A vida e as extraordinárias aventuras do soldado Ivan Tchônkin
Por Joaquim Serra
A vida e as
extraordinárias aventuras do soldado Ivan Tchônkin é uma sátira escrita por um
dissidente soviético. Só essa afirmação já deveria aguçar a curiosidade do
leitor atento às vicissitudes russas já que, como se sabe, os seus mais
célebres escritores nunca agradaram de fato a censura ou os críticos da época. Estes,
enquanto brigavam em um cabo de força para construir a identidade de um povo,
cabia ao escritor russo penetrar nas camadas altas do pensamento filosófico
transformado em uma narrativa quase sem ação ou ir até o mais baixo dos porões,
na mais afastada das aldeias para ver como se comportam os de carne e osso que
vagueiam sobre um mundo desconhecido.
Mês passado
comentei brevemente algumas peças de Gógol. O projeto estético de Vladimir
Voinóvitch, em A vida e as extraordinárias aventuras do soldado Ivan Tchônkin,
recupera boa parte da tradição gogoliana. Também tem fortes ligações com outras
narrativas de guerra como As aventuras do bom soldado Švejk, de Jaroslav Hašek,
um monumento do humor negro que tem como cenário a primeira guerra mundial. Na União
Soviética, o relato acerca do soldado Tchônkin circulou apenas por meio de samizdat
(publicação clandestina) e custou a Vladimir Voinóvitch a saída de sua pátria.
Tudo começa
quando o soldado Ivan Tchônkin é enviado para a aldeia de Krásnoie para tomar
conta de um aeroplano que aí pousara por problemas mecânicos. Tchônkin é um
homem simples, mal sabe ler e se comportar em público (apesar das reprimendas e
insistência dos seus superiores). Encontrou no serviço militar um lugar, antes
de tudo, para sobreviver, já que tem um passado marcado pela miséria. Talvez
para alguns vigiar um aeroplano imóvel poderia pôr em xeque as habilidades
militares que poderiam ser melhor utilizadas, não para o herói de Voinóvitch. Diz
o narrador: “o tempo de Tchônkin não fora dividido e distribuído para qualquer
objetivo nobre; seria apenas para viver e completar o fluxo da vida, sem
extrair dali qualquer conclusão: resumia-se em comer, dormir, beber e atender
às suas necessidades psicológicas ou chamados da natureza”.
Na aldeia
Tchônkin conhece Niúra Beliachova, uma moça simples que vive apenas na
companhia de um porco (que vai custar um episódio de ciúme por parte de
Tchônkin), e, movido por instintos quase animais, começa a viver com a moça.
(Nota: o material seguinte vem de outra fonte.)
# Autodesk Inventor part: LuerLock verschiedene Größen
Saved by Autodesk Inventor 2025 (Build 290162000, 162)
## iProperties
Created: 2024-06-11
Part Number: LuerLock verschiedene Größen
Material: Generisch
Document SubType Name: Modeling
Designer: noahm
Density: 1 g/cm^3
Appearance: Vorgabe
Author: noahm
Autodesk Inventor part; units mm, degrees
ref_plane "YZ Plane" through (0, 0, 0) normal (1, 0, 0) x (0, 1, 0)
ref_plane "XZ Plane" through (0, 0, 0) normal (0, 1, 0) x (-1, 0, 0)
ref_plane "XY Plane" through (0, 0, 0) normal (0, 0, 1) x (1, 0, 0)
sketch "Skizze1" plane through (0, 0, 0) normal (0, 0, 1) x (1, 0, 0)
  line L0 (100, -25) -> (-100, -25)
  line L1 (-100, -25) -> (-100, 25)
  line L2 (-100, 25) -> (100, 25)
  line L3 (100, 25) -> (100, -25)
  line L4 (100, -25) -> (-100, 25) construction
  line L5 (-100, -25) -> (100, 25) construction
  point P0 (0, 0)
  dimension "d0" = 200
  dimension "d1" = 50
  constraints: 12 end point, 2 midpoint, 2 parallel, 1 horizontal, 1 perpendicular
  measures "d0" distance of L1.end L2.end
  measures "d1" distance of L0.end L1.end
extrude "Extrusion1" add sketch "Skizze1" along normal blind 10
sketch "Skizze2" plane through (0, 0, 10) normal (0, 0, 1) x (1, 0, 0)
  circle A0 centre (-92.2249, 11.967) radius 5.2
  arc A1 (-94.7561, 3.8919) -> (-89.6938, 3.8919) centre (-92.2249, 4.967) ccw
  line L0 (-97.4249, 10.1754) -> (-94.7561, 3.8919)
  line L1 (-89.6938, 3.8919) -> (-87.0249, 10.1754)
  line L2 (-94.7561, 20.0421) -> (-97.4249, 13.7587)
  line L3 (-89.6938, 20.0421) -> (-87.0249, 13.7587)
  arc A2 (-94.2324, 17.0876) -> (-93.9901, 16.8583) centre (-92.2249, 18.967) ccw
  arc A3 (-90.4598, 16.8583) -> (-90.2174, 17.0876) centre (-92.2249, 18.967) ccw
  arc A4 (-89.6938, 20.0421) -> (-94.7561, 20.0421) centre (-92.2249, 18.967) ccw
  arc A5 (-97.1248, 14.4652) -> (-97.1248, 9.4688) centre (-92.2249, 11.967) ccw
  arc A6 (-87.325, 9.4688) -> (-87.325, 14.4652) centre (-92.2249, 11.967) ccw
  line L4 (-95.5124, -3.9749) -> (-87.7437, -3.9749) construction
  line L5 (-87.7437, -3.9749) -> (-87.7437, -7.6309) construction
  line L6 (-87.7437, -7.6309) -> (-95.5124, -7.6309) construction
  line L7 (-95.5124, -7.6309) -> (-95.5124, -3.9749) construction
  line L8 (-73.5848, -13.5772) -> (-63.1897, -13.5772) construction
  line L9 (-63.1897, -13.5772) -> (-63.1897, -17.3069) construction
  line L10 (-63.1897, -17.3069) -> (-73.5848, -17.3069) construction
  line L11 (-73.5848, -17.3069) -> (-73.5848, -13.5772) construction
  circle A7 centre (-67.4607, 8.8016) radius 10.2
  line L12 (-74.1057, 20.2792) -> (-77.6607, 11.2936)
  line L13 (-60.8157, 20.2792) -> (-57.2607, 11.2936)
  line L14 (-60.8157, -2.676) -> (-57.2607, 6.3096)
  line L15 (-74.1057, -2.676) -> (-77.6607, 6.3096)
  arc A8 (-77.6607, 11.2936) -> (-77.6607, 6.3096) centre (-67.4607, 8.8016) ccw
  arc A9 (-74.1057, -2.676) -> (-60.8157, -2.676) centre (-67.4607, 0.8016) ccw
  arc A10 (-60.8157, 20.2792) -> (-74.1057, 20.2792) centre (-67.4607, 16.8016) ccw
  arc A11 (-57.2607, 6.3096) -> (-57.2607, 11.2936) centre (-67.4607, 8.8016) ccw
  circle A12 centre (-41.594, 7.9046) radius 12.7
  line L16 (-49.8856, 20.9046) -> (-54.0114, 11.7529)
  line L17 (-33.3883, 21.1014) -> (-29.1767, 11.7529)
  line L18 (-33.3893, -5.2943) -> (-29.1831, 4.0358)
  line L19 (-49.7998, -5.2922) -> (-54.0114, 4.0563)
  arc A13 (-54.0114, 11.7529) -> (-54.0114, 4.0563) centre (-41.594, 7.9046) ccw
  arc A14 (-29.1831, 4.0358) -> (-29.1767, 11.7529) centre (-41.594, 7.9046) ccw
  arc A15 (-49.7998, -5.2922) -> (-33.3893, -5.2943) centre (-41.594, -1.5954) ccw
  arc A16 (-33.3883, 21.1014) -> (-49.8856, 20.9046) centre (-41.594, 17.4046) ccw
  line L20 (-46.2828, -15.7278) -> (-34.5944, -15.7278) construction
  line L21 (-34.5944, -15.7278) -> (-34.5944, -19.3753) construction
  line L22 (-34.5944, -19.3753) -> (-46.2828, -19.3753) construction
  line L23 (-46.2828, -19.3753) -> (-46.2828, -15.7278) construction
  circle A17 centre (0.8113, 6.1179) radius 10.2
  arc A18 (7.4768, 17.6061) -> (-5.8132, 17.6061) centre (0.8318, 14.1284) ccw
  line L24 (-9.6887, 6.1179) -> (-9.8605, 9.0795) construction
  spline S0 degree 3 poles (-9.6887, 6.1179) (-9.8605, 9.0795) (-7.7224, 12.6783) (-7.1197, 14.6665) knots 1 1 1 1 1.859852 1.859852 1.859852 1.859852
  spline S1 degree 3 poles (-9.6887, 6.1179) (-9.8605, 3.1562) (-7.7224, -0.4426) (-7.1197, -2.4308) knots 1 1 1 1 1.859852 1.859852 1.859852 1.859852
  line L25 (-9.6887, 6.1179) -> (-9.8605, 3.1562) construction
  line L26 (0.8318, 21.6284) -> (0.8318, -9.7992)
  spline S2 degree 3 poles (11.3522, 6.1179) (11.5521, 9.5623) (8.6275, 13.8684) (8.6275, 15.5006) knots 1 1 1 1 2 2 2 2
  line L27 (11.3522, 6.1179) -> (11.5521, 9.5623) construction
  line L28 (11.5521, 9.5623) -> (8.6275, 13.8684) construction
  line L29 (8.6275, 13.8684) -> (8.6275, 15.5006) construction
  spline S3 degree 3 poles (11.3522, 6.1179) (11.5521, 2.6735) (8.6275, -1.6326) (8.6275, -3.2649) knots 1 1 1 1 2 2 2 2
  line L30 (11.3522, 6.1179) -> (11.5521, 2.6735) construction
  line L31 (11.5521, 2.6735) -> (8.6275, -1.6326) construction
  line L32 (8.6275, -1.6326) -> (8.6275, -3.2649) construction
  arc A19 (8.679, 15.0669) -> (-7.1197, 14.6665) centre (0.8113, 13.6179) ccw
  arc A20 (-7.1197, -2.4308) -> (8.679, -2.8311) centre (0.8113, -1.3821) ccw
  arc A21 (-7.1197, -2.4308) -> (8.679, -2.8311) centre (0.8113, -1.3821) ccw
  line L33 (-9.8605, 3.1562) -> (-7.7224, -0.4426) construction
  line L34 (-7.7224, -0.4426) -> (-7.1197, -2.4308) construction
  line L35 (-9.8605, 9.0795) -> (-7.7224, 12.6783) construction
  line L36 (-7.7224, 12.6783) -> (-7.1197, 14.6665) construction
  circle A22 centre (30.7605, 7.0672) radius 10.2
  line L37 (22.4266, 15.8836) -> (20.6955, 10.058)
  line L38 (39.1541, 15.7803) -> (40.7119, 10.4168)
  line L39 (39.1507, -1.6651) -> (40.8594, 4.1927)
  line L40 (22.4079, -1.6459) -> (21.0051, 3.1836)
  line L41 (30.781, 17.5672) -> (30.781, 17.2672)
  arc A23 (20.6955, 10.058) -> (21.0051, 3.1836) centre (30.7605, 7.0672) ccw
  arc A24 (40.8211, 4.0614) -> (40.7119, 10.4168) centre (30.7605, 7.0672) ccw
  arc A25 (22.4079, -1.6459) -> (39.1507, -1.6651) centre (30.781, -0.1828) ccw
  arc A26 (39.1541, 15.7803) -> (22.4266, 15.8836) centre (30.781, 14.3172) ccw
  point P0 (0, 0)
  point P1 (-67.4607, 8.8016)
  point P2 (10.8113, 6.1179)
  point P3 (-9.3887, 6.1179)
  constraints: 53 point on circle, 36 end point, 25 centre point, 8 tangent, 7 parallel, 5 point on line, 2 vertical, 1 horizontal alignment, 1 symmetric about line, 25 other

O
vizinho Gladichev é um simples camponês metido a cientista que recebeu certa
notoriedade através de suas experiências fracassadas cruzando geneticamente
tomates com tubérculos. O narrador não o poupa toda vez que entra em cena. Por
conta de suas experiências no mundo do plantio, sua casa cheira mal e a mulher
o escorraça. Segue aqui um trecho de uma das teorias de Gladichev quando este
tenta explicar a Tchônkin um benéfico alimento ainda desprezado pelos homens:
“Avalie por
si mesmo. O chão precisa ser fertilizado com merda para termos uma boa
colheita. Todas as ervas, cereais e frutos que nós e os animais comemos vêm da
merda. Os animais nos dão leite, carne, lã e tudo o mais. Nós usamos isso e
depois transformamos em merda outra vez. Essa é a origem de... como posso
dizer... a circulação da merda na natureza. Vamos perguntar a nós mesmos por
que motivo devemos usar a merda na forma de carne ou leite ou mesmo deste pão
aqui, isto é, em forma processada e beneficiada. Surge a pergunta legítima: não
seria melhor livrarmo-nos de nossos preconceitos e falsos melindres e usar a
própria merda, em forma pura, como uma espécie de vitamina maravilhosa? No
início, é claro — Gladichev se corrigiu, ao observar que Tchônkin se encolhia
—, haveríamos de tirar-lhe o cheiro natural e então, quando o homem estivesse
acostumado, era só deixar como estava. Mas, Vânia, essa tarefa pertence a um
futuro distante e às futuras realizações da ciência. Proponho que brindemos ao
êxito de nossa ciência, ao poder soviético e à pessoa do Camarada Stálin, um
gênio de fama mundial.”
A cena toda
é gogoliana do começo ao fim. Mistura o assunto baixo de Gladichev com a figura
altiva de Stalin misturando o cômico com o grotesco. Os sonhos e devaneios com
a figura do camarada Stalin, a falta de conhecimento histórico das
personalidades e acontecimentos, isso quando não são confundidos e entrelaçados
com outros eventos e outras personalidades, são mostrados através da
perspectiva do riso como aquelas pessoas estavam longe do sonhado homo
sovieticus.
Mas não é só
ao particular da vida cotidiana que o narrador irônico de Voinóvitch se apega.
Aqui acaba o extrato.